### Your objective
Locate the string "ryfhgjmb" throughout the material and copy every line in which it occurs.

### Data excerpts
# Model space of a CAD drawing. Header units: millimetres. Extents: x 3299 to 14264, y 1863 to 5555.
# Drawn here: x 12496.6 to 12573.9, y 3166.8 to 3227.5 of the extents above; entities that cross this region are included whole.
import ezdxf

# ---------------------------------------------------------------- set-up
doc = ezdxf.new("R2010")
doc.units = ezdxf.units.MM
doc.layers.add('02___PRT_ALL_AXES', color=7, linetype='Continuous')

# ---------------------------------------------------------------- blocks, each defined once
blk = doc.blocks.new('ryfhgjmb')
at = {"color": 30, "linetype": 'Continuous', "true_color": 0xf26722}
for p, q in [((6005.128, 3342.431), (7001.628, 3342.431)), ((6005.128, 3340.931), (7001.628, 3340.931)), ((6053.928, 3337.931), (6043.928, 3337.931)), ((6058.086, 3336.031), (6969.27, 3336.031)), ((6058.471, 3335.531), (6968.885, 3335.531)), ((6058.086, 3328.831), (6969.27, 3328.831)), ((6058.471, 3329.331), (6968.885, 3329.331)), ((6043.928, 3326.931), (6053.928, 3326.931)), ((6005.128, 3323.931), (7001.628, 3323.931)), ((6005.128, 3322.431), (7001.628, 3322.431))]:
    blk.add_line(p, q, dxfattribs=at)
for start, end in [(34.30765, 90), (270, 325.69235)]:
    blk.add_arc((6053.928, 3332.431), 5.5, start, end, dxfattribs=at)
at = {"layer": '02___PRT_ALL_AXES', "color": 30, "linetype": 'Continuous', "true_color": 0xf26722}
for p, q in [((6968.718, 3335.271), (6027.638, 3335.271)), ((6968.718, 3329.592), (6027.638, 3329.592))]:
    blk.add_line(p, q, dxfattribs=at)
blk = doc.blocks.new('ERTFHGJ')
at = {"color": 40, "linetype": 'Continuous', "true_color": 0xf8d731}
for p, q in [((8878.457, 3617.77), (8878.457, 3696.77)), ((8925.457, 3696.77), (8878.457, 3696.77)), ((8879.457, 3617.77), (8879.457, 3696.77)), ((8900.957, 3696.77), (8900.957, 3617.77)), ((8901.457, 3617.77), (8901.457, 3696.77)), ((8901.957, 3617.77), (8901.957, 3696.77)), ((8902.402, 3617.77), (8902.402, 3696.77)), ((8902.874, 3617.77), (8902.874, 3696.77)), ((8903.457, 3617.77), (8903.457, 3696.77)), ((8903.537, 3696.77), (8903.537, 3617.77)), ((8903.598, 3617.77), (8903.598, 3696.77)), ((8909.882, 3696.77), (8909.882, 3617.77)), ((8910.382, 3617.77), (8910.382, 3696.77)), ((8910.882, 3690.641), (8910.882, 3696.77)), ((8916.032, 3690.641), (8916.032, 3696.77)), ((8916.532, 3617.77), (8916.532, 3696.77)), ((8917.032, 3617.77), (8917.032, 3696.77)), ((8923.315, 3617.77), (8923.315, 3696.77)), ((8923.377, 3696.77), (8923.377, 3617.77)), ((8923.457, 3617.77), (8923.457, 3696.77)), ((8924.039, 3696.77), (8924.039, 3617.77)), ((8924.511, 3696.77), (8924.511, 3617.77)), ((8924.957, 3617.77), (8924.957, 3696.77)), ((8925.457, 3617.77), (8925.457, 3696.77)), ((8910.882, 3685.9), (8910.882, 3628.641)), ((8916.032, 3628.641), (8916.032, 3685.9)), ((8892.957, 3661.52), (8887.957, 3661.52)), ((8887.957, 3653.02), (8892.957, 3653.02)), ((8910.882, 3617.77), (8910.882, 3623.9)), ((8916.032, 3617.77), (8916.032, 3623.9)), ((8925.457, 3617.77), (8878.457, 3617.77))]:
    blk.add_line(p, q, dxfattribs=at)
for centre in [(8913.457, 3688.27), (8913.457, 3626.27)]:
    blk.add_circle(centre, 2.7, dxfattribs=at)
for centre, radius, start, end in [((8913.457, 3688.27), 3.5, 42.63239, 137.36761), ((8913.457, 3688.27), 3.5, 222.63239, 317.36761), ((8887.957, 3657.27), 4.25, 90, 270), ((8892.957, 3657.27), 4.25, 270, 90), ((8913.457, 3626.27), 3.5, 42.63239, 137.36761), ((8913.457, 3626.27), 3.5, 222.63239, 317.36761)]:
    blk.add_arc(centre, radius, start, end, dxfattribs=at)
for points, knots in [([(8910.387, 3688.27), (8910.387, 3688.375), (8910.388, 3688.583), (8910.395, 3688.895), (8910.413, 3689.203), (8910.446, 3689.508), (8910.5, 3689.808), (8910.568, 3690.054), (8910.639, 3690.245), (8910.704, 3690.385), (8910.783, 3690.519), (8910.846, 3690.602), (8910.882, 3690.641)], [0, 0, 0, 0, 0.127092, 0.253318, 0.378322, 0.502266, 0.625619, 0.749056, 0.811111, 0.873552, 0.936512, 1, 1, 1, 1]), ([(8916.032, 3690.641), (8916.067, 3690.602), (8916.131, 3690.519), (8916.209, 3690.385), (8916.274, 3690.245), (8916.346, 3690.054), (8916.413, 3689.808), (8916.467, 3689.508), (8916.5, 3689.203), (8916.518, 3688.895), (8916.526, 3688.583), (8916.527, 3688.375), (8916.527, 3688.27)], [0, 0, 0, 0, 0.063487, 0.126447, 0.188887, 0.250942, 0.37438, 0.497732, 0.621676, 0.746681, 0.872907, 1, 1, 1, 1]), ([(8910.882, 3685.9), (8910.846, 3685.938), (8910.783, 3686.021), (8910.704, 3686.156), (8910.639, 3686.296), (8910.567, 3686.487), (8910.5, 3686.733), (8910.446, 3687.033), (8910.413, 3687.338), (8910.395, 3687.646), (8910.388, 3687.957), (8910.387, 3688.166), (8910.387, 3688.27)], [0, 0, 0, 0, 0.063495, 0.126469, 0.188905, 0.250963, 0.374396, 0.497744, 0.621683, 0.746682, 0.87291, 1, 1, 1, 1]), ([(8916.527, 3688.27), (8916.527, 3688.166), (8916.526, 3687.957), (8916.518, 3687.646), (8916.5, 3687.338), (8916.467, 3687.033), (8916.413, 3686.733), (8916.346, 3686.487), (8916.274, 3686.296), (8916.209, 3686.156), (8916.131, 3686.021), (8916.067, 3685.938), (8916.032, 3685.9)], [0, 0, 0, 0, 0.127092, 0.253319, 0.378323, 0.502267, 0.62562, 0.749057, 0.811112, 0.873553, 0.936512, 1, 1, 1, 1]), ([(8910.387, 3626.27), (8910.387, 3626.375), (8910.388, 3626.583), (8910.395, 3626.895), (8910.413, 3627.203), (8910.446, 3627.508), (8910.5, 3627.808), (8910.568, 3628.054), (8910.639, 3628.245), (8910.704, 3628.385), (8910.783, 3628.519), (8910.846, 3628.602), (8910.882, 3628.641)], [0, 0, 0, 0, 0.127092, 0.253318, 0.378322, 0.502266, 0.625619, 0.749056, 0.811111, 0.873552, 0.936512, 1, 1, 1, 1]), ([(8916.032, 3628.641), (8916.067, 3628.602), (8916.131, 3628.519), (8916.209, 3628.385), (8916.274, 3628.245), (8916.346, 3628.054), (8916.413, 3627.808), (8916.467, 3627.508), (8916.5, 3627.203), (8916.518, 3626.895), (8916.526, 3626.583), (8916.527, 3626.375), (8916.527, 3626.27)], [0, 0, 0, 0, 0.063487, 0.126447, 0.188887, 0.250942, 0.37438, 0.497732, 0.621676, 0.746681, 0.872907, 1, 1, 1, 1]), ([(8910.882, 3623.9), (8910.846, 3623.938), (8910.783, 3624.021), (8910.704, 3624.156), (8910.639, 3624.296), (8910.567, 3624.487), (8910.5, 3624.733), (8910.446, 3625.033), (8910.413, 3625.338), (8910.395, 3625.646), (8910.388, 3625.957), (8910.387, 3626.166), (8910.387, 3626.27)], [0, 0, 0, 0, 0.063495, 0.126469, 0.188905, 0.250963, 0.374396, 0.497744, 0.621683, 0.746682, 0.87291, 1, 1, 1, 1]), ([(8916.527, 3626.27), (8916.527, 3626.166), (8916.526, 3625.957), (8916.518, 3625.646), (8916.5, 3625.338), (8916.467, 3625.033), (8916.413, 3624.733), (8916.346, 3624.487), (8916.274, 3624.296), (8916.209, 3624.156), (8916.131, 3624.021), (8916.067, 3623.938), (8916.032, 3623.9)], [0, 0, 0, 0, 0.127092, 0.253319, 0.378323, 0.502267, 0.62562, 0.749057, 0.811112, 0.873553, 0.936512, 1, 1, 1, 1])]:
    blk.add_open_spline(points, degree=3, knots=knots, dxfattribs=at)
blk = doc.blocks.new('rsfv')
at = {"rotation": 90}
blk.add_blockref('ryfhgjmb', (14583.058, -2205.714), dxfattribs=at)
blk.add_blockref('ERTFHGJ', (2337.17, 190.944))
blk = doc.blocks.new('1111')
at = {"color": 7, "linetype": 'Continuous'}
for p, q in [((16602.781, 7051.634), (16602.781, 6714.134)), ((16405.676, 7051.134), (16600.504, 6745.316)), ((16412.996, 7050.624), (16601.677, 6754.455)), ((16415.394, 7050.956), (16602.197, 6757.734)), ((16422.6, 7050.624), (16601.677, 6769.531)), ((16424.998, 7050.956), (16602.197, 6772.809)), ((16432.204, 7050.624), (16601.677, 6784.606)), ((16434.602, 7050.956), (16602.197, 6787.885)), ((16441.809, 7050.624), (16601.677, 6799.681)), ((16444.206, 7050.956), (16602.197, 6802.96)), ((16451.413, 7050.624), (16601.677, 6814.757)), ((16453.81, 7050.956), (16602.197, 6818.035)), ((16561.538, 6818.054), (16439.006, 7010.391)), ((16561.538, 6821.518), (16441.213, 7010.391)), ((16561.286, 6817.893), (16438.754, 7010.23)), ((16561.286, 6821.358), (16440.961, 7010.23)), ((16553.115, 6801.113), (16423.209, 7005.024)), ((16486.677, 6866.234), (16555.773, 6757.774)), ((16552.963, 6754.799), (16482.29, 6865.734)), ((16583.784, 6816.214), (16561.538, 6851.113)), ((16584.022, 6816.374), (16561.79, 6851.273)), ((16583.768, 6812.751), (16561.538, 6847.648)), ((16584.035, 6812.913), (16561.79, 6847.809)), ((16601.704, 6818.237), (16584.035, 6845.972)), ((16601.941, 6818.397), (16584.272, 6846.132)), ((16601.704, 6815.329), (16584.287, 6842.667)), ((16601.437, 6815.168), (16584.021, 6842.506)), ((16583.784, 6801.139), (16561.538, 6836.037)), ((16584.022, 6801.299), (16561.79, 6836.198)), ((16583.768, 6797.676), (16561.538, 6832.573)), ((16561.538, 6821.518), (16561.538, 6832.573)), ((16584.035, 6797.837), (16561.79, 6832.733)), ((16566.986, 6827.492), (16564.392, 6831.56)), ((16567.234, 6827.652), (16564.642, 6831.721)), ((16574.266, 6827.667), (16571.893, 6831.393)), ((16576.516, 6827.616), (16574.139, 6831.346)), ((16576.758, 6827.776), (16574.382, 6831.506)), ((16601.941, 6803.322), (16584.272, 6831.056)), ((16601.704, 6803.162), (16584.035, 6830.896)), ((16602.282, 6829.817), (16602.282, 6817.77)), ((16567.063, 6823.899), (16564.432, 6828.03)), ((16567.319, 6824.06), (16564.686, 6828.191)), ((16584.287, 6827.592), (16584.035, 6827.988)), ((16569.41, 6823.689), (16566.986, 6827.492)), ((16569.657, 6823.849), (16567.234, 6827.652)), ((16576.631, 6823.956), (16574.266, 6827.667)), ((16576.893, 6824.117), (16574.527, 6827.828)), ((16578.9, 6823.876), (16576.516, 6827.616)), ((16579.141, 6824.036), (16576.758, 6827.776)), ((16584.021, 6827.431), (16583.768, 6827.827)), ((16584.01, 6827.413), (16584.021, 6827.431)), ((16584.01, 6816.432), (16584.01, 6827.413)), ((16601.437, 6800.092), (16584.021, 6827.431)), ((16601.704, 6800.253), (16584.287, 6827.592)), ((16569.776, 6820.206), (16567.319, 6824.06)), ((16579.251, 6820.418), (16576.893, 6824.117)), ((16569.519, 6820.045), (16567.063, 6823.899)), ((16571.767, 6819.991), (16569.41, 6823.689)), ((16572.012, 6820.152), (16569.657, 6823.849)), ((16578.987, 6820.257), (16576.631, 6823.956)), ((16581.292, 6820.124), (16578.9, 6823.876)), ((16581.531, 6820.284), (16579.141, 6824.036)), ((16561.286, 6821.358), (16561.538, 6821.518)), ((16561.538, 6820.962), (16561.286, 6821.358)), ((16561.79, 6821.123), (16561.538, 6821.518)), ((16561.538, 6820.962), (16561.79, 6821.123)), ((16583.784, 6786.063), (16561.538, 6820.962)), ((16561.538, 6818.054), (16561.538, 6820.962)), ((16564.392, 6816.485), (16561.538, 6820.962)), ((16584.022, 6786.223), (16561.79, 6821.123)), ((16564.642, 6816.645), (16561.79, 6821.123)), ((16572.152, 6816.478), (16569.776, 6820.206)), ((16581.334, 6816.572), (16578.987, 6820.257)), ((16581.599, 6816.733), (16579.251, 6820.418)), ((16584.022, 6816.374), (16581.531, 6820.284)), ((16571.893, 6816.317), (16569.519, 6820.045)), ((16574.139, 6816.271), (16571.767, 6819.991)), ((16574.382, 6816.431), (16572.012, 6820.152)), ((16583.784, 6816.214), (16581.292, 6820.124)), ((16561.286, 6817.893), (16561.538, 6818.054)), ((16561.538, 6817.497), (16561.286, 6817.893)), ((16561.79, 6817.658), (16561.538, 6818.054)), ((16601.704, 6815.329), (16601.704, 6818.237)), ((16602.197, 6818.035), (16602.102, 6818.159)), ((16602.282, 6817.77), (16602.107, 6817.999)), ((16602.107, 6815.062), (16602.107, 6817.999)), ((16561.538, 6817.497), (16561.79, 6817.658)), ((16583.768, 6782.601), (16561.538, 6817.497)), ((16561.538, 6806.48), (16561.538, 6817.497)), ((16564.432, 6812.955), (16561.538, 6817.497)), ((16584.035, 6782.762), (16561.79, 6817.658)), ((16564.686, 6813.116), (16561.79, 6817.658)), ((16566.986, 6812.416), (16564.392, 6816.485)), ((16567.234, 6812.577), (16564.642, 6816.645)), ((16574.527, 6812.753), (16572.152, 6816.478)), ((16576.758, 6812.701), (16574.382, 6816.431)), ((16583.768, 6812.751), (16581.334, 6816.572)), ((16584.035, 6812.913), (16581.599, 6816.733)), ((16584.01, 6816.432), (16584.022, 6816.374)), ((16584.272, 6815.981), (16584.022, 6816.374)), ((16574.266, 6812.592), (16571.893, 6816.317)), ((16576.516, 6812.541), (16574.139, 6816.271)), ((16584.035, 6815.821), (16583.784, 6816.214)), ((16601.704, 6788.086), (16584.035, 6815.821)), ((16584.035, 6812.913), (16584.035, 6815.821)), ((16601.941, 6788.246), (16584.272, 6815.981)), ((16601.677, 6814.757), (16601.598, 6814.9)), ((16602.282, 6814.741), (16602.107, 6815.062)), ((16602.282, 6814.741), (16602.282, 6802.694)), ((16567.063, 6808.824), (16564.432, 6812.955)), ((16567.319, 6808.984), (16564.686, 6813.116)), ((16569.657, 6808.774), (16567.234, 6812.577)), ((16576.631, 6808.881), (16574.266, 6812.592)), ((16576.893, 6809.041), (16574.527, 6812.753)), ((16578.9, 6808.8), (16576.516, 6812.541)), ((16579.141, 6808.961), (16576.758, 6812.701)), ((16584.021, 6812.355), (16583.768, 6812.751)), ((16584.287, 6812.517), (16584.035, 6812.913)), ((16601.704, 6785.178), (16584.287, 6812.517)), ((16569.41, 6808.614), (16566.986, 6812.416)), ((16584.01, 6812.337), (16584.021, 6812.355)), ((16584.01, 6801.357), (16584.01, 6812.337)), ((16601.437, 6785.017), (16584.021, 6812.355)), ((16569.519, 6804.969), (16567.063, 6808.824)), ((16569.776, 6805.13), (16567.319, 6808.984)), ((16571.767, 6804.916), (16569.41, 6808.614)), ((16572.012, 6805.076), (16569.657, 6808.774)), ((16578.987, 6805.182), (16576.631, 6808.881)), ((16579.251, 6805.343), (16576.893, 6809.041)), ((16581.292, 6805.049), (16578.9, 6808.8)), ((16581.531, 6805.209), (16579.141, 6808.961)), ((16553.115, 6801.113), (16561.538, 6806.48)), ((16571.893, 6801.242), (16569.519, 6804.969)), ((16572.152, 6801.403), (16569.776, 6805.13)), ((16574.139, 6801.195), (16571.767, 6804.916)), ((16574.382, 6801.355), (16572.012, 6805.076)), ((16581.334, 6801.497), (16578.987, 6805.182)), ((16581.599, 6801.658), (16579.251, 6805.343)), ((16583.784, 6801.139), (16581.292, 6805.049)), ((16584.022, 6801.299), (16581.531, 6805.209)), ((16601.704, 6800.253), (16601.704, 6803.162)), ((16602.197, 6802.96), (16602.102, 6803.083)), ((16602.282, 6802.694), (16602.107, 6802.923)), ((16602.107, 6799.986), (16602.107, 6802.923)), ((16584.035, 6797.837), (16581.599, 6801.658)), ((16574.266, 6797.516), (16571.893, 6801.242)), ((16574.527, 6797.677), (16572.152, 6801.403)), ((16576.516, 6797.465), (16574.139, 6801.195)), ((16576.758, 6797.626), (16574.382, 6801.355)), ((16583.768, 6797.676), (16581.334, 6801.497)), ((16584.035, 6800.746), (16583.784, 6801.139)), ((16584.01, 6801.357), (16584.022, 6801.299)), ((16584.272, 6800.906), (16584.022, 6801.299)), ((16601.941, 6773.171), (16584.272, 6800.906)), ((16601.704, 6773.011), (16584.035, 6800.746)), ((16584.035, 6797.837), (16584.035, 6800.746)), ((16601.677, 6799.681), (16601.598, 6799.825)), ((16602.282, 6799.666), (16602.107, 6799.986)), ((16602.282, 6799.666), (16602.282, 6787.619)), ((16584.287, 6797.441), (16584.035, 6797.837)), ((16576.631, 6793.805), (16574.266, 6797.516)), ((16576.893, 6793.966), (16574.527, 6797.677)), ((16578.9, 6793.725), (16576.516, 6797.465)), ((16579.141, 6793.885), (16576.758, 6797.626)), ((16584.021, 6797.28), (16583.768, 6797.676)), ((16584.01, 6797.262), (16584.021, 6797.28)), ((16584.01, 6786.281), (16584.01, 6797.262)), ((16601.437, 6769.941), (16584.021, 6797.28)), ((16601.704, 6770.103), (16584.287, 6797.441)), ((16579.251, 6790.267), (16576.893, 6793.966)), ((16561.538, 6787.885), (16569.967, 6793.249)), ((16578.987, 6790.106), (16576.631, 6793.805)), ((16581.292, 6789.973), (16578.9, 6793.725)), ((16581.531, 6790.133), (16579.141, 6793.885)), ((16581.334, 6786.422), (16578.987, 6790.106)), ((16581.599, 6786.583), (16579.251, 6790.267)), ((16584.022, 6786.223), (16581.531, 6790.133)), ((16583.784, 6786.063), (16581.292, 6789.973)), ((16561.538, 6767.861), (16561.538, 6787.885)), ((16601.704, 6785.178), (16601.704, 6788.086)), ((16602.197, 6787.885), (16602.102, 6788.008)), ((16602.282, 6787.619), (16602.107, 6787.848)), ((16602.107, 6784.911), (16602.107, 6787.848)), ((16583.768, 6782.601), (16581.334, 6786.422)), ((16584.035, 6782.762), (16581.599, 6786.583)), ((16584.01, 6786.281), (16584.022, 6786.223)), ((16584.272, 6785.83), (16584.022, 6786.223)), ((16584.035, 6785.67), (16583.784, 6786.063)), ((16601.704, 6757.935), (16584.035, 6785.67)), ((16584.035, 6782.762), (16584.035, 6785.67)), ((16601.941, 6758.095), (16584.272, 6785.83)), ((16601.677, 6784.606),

### Output of the exercise
blk = doc.blocks.new('ryfhgjmb')
blk.add_blockref('ryfhgjmb', (14583.058, -2205.714), dxfattribs=at)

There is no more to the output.